Problem to solve — Start at the line with "#73=FACE_BOUND('',#72,.T.);" in the records below, stop at the line with "#79=CYLINDRICAL_SURFACE('',#78,0.7);", and return every line in that span exactly, the two end lines included.

────

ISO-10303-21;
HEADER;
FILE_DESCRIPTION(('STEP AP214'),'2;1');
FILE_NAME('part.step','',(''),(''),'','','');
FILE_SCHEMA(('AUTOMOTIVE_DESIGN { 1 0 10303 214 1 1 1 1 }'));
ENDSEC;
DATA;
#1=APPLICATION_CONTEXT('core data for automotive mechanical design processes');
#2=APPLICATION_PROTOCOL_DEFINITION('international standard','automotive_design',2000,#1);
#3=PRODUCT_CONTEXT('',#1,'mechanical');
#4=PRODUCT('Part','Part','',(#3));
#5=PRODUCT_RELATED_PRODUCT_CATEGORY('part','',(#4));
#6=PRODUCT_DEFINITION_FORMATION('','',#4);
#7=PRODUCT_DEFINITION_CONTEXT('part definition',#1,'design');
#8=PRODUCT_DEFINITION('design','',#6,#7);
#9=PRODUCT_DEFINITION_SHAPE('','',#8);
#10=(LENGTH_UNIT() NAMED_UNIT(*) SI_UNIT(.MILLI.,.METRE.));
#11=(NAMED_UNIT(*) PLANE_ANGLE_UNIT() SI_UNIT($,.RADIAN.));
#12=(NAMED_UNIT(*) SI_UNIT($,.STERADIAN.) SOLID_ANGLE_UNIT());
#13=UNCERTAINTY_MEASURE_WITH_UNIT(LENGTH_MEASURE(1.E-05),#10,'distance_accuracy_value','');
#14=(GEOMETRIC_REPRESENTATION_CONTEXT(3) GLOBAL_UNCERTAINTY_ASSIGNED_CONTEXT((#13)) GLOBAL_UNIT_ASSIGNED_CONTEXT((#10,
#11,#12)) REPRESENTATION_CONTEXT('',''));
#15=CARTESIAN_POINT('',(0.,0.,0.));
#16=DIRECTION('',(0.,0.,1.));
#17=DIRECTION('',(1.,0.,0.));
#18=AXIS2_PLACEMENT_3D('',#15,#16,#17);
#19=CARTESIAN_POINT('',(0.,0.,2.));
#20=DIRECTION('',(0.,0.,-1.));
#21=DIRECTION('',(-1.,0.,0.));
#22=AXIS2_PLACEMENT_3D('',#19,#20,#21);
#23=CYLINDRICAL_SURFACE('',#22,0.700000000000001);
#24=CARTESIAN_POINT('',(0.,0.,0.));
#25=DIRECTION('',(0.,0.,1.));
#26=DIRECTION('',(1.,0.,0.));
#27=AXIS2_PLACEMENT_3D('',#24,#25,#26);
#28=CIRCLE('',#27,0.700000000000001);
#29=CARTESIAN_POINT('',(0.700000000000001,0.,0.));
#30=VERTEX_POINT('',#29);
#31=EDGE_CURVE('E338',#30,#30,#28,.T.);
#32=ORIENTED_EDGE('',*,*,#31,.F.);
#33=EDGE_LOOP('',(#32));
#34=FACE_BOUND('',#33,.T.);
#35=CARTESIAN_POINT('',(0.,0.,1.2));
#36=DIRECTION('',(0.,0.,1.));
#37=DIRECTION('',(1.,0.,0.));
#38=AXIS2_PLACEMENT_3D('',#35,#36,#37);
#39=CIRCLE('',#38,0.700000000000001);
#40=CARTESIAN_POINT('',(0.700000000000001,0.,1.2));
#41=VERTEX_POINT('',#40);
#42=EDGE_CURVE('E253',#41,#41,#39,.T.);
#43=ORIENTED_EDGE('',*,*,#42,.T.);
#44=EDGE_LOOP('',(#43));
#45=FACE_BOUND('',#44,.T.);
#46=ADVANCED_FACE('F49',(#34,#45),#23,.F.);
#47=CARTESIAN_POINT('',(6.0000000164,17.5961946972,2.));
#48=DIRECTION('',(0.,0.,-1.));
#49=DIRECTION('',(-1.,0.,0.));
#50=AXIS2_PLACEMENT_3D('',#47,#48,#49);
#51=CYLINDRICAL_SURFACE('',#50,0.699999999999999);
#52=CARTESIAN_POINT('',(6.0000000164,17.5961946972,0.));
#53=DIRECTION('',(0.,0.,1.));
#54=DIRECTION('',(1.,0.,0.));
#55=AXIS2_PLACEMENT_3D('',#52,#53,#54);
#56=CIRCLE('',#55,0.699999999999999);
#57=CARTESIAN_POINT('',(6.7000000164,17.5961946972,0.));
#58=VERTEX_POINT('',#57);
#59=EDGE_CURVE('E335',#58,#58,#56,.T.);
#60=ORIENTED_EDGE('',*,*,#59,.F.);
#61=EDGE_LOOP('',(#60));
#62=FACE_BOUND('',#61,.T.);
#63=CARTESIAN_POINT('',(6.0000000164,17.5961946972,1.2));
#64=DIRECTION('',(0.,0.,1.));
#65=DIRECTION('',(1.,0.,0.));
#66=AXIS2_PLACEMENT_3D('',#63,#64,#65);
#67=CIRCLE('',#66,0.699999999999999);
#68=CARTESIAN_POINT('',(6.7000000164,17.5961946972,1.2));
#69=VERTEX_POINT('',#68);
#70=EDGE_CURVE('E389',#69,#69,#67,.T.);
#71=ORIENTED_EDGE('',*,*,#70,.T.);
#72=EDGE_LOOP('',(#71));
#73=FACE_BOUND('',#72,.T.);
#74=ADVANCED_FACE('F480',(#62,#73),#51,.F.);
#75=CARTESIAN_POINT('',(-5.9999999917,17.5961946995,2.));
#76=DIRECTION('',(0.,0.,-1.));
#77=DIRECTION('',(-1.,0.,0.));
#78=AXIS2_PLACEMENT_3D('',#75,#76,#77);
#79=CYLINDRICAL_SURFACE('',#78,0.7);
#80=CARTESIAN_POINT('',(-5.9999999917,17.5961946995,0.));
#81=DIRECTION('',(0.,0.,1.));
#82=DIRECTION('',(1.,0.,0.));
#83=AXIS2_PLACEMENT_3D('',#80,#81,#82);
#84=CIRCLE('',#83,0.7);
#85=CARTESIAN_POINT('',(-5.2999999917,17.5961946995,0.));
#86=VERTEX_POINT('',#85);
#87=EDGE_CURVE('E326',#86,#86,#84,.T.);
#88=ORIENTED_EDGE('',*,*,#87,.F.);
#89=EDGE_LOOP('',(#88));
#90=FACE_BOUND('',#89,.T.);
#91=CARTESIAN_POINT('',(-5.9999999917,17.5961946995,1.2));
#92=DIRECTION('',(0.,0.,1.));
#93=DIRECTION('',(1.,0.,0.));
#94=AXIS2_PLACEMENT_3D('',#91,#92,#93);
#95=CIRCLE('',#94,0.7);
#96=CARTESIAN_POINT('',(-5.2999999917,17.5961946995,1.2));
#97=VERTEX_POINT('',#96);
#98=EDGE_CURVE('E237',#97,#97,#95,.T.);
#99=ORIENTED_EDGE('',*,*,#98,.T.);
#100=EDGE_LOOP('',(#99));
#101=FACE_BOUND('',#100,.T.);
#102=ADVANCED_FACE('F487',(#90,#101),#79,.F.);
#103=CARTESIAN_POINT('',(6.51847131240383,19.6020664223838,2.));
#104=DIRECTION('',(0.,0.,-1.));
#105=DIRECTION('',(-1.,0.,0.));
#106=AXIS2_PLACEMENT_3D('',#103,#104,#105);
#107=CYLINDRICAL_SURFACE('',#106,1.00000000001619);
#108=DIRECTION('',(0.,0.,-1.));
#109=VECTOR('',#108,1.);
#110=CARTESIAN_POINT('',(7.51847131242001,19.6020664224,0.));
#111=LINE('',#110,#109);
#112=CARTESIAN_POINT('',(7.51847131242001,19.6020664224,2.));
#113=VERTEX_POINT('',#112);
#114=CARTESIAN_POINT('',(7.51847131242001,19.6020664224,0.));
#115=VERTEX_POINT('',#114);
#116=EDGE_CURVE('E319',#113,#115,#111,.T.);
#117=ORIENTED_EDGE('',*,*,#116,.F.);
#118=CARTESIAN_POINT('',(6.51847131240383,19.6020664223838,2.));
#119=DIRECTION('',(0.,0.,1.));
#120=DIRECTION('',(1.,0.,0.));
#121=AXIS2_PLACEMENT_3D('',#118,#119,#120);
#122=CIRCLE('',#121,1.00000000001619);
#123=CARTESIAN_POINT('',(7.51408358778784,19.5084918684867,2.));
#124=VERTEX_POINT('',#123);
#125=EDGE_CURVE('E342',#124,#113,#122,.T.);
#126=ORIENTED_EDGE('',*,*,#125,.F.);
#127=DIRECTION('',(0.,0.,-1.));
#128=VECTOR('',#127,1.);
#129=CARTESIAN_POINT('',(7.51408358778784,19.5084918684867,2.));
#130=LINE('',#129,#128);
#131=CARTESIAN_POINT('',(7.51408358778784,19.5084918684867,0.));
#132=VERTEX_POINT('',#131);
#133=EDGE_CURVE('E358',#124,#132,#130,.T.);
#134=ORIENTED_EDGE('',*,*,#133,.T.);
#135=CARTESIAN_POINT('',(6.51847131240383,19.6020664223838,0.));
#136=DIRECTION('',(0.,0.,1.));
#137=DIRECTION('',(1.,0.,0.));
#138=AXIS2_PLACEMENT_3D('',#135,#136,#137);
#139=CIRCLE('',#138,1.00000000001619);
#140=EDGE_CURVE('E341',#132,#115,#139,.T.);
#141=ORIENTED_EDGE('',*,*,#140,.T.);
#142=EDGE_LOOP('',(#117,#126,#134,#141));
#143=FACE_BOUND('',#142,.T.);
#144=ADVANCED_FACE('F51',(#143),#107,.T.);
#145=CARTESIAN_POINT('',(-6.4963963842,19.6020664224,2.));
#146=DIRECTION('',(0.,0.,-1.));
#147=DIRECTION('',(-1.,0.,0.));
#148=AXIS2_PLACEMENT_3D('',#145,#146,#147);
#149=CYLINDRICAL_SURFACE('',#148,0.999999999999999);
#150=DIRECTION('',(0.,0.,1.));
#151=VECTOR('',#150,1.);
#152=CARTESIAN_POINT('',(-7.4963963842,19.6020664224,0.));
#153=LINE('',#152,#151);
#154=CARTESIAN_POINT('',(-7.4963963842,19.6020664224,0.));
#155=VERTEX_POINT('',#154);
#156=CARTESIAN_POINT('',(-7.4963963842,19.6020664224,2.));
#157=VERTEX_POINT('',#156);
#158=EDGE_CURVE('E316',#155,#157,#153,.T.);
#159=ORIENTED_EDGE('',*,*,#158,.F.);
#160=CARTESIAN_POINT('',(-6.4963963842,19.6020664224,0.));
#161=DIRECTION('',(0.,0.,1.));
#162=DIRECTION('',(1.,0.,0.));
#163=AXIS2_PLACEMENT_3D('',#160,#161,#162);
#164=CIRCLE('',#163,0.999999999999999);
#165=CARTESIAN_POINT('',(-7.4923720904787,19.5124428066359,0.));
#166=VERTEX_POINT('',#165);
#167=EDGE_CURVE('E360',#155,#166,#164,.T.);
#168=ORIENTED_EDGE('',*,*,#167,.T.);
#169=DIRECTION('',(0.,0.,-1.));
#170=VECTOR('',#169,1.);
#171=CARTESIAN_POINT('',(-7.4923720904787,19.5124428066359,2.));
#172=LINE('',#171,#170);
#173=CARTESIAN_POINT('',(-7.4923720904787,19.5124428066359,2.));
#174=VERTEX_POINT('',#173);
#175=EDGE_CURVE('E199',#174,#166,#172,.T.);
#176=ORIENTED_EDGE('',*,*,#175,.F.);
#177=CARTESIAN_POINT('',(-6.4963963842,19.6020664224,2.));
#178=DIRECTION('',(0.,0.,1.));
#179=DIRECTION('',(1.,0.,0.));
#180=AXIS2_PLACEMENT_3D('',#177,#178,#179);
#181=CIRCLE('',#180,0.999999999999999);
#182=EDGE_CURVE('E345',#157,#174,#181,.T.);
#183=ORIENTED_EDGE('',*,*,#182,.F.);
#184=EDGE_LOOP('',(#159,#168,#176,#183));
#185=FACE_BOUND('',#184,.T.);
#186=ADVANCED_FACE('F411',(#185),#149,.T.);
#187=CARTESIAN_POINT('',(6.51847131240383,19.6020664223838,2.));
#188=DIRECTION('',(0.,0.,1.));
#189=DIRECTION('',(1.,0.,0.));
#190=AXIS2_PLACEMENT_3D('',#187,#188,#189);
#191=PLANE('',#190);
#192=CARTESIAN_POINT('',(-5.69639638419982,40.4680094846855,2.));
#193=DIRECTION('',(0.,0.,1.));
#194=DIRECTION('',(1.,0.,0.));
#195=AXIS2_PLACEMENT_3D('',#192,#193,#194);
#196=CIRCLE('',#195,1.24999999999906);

────

Exercise answer —
#73=FACE_BOUND('',#72,.T.);
#74=ADVANCED_FACE('F480',(#62,#73),#51,.F.);
#75=CARTESIAN_POINT('',(-5.9999999917,17.5961946995,2.));
#76=DIRECTION('',(0.,0.,-1.));
#77=DIRECTION('',(-1.,0.,0.));
#78=AXIS2_PLACEMENT_3D('',#75,#76,#77);
#79=CYLINDRICAL_SURFACE('',#78,0.7);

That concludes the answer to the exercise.